## [EXERCISE]
Everything from the line with "line L18 (235, 75) -> (115, 75)" to the end of the entries should be copied exactly, and nothing else.

## [MATERIAL FOR THIS EXERCISE]
————
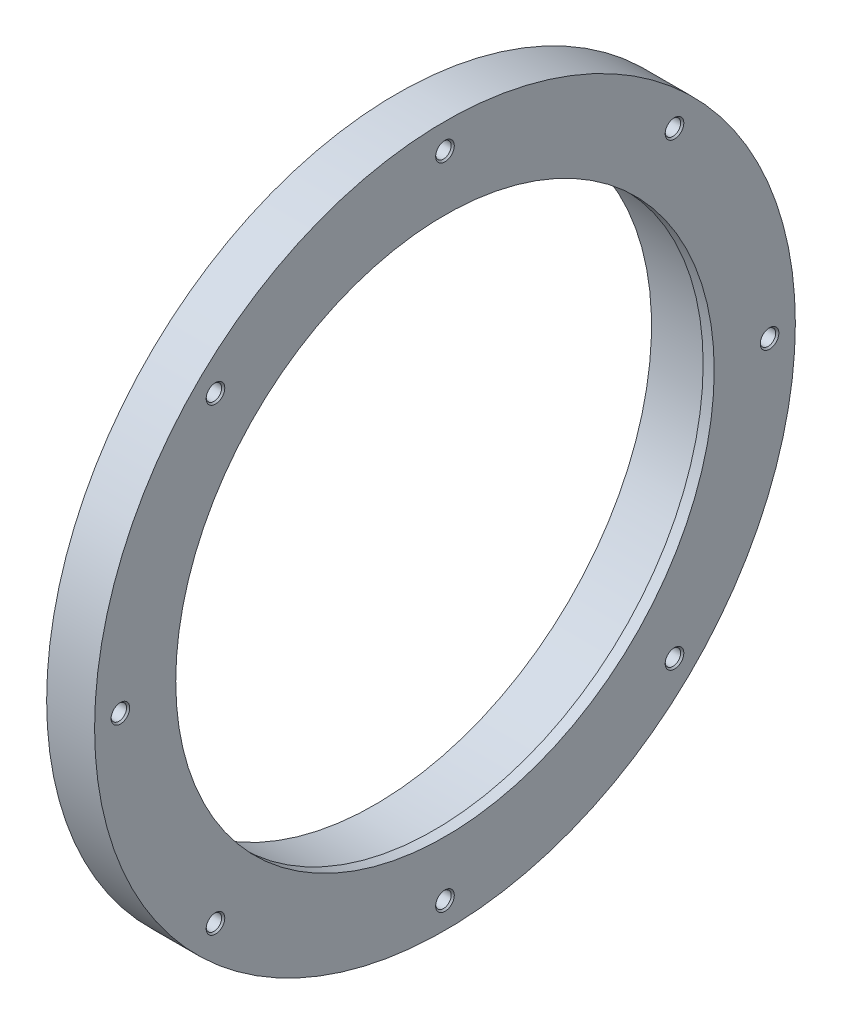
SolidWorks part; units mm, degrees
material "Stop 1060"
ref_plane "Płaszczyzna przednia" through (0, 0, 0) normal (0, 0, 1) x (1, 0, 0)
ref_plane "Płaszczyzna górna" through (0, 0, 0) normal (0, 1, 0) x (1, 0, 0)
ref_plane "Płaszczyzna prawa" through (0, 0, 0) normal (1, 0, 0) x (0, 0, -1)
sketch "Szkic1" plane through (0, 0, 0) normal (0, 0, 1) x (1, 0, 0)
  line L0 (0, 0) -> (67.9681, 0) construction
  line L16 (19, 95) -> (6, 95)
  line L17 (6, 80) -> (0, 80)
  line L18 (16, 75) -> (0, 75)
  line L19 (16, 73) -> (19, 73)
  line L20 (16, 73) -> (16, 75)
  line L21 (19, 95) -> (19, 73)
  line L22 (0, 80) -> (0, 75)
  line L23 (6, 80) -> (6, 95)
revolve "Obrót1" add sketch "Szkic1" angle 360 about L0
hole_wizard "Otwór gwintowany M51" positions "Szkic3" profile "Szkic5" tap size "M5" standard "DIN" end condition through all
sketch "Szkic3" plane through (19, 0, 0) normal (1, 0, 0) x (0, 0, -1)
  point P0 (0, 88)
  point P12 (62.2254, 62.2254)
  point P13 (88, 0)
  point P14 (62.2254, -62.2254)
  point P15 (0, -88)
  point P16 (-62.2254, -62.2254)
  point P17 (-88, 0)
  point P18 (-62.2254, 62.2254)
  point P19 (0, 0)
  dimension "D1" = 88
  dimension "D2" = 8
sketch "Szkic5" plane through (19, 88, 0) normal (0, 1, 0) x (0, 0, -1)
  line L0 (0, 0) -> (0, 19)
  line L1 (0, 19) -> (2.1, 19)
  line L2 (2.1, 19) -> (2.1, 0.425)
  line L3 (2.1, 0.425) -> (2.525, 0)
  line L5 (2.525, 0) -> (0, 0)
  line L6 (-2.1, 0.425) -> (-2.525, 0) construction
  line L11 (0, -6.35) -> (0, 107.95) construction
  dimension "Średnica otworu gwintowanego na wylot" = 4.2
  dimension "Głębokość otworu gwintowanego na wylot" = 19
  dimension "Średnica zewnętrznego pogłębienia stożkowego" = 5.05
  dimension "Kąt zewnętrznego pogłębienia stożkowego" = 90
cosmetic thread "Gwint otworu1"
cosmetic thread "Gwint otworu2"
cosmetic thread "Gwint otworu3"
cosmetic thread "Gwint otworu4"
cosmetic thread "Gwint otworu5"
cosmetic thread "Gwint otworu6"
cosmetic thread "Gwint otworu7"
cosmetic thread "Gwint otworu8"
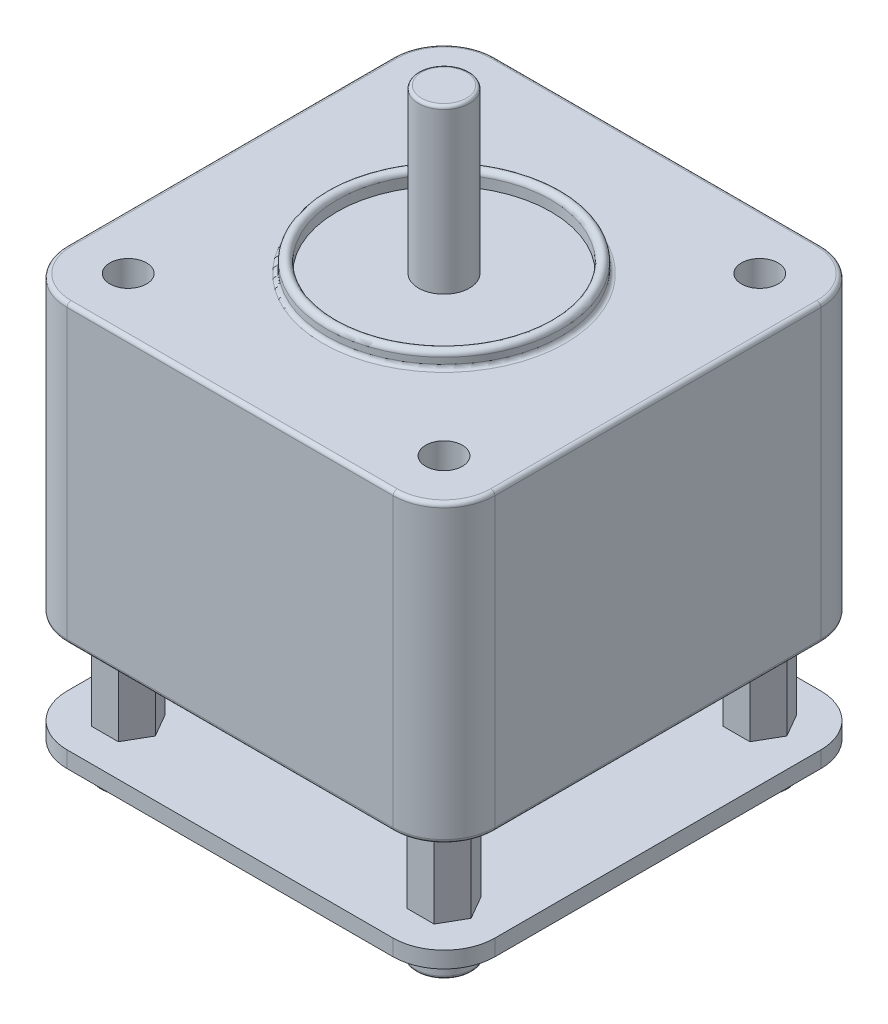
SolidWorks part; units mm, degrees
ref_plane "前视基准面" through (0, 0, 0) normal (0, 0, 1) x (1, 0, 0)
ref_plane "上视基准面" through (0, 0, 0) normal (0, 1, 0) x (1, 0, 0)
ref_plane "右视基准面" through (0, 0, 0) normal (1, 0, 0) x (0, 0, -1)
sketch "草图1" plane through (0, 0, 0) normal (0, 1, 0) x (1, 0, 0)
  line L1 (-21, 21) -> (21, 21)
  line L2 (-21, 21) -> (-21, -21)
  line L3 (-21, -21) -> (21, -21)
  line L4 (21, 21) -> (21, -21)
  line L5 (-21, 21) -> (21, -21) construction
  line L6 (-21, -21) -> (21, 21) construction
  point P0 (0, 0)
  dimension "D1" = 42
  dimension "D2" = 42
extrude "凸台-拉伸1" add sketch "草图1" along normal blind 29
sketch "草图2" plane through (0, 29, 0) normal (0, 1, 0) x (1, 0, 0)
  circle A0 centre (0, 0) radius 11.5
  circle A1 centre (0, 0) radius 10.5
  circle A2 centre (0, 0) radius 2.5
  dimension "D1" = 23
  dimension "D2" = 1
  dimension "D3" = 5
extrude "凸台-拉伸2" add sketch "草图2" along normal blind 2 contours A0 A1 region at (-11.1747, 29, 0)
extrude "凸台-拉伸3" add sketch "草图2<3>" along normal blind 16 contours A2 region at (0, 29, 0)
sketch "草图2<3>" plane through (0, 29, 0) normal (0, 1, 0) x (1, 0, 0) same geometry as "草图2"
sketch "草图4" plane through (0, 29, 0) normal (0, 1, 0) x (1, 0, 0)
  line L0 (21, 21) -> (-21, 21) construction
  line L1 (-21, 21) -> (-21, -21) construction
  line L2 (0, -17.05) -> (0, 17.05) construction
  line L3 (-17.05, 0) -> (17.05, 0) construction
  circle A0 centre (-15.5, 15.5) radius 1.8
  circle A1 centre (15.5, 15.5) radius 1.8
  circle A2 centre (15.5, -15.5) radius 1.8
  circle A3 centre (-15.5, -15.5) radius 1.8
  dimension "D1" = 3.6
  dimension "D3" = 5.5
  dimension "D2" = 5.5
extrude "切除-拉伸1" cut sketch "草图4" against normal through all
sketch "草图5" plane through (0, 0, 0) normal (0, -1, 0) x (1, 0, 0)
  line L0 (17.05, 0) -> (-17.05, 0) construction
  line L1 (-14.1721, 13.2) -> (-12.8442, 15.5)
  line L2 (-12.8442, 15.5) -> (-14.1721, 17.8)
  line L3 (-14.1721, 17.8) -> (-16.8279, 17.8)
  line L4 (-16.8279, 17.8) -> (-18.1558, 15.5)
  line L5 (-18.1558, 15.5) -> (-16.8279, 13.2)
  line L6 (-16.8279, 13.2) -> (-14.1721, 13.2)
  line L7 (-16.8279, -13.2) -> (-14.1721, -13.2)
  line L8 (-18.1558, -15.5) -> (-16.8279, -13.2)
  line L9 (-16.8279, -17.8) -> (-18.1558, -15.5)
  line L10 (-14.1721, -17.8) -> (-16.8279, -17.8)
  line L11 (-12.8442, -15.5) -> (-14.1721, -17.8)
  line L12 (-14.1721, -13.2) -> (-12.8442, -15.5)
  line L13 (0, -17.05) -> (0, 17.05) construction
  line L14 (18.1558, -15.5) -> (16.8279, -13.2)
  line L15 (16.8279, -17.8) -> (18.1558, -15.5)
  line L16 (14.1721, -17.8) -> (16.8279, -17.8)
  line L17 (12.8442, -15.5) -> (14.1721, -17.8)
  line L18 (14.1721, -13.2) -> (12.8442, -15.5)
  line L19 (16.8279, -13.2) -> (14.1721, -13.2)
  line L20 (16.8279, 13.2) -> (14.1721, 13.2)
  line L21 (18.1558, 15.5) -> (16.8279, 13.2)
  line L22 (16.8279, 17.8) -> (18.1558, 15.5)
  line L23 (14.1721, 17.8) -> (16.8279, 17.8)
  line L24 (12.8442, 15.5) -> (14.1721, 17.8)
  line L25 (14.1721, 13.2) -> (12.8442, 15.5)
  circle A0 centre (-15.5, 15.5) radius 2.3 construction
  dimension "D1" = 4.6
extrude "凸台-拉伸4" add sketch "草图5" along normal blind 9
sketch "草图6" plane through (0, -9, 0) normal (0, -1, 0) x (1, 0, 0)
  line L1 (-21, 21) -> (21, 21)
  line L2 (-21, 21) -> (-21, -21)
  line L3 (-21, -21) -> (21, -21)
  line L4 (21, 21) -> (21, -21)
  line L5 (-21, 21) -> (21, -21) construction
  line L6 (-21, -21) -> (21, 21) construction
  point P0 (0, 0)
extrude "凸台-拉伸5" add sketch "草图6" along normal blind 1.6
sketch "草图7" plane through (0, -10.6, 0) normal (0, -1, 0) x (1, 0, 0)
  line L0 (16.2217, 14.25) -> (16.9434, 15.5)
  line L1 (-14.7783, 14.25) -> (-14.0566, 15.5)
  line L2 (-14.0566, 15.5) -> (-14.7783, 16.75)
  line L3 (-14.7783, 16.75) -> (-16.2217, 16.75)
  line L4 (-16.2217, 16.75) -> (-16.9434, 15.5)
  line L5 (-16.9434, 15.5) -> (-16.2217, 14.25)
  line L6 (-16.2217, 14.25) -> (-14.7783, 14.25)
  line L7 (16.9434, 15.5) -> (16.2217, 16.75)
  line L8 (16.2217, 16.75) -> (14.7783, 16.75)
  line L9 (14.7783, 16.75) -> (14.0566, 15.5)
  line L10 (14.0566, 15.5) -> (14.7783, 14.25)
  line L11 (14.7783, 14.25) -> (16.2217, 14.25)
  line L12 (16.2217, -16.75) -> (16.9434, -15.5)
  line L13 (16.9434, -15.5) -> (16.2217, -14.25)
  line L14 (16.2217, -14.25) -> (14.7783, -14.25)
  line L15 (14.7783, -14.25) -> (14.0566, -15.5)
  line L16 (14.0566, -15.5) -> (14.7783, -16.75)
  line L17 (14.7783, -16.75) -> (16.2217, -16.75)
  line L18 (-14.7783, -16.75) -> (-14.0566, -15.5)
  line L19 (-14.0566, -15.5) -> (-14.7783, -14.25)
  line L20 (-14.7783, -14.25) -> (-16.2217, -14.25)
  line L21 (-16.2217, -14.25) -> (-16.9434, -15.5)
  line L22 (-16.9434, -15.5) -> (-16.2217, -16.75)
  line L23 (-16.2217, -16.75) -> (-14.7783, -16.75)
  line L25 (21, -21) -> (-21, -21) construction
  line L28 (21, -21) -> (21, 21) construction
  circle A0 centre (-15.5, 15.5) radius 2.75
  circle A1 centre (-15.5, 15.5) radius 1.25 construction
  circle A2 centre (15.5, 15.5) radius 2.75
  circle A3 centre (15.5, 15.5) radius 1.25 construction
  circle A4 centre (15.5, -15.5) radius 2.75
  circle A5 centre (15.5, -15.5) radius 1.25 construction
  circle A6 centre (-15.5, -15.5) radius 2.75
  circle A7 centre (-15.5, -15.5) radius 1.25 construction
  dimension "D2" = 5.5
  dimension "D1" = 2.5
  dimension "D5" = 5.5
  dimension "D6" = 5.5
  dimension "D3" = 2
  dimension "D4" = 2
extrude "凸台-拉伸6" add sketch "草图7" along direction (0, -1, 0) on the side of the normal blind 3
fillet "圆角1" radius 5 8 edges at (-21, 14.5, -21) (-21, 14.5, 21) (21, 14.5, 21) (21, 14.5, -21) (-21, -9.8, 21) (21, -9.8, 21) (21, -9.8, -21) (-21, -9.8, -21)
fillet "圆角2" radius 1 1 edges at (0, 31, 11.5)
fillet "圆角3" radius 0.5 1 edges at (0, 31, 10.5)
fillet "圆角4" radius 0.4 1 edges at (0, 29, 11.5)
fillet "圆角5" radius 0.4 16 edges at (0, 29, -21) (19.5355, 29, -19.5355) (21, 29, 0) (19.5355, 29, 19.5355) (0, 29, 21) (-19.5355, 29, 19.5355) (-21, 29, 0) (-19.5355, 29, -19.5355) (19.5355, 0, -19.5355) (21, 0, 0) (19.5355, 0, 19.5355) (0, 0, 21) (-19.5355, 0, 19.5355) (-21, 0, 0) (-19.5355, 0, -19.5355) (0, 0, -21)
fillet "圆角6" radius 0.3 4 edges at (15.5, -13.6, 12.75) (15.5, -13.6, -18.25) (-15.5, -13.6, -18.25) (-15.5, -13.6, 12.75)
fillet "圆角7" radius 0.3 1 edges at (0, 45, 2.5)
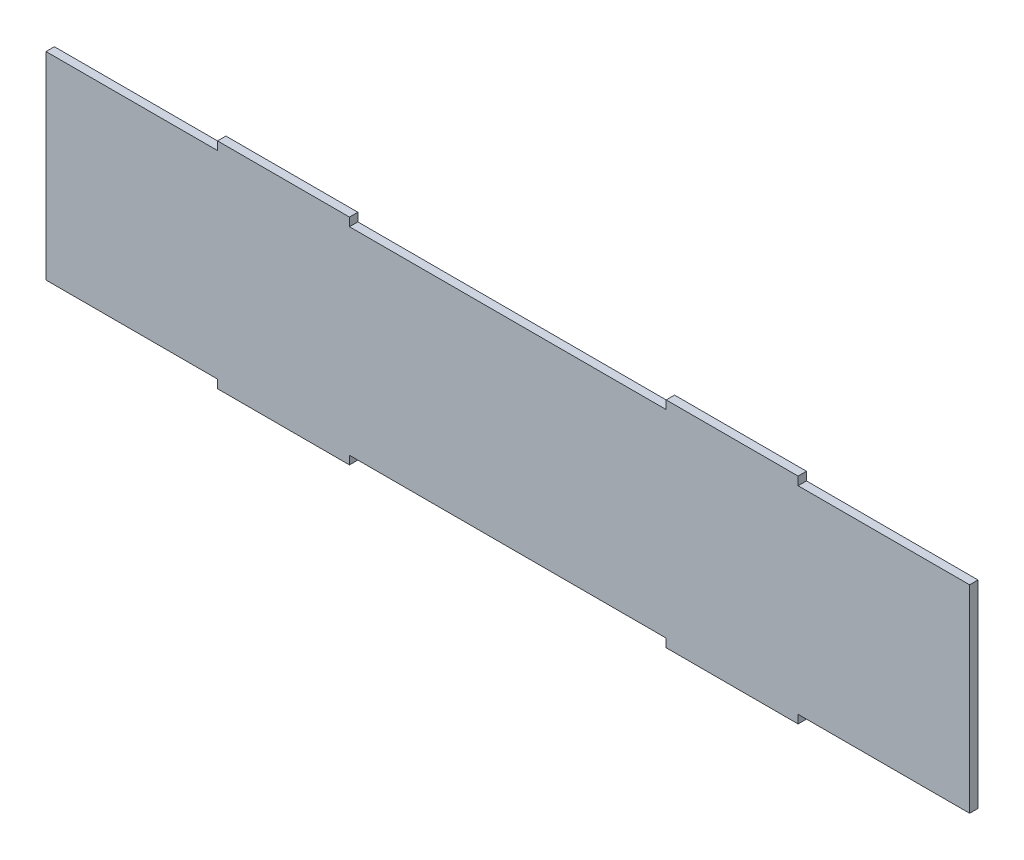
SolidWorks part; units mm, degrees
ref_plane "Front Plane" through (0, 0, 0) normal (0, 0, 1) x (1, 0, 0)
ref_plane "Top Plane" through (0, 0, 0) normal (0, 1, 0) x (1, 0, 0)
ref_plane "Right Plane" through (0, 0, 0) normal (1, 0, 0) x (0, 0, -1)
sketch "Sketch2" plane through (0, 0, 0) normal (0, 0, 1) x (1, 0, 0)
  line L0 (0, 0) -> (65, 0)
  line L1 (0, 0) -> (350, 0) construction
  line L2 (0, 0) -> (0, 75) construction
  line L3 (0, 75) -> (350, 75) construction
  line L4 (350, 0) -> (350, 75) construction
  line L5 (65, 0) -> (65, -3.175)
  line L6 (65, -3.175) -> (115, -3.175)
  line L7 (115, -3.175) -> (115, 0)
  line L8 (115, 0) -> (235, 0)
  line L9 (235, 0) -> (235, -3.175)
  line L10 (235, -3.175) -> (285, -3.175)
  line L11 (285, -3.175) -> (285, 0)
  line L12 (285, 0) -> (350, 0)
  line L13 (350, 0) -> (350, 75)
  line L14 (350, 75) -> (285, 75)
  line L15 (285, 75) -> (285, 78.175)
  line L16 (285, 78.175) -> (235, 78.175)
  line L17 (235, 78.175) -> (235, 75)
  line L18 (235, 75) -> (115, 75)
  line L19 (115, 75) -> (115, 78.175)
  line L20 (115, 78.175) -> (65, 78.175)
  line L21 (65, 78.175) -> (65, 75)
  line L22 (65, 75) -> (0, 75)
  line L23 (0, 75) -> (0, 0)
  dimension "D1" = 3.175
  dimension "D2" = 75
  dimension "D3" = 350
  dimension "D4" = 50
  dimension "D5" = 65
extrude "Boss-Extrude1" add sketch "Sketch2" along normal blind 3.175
————
## [ANSWER BOX]
  line L18 (235, 75) -> (115, 75)
  line L19 (115, 75) -> (115, 78.175)
  line L20 (115, 78.175) -> (65, 78.175)
  line L21 (65, 78.175) -> (65, 75)
  line L22 (65, 75) -> (0, 75)
  line L23 (0, 75) -> (0, 0)
  dimension "D1" = 3.175
  dimension "D2" = 75
  dimension "D3" = 350
  dimension "D4" = 50
  dimension "D5" = 65
extrude "Boss-Extrude1" add sketch "Sketch2" along normal blind 3.175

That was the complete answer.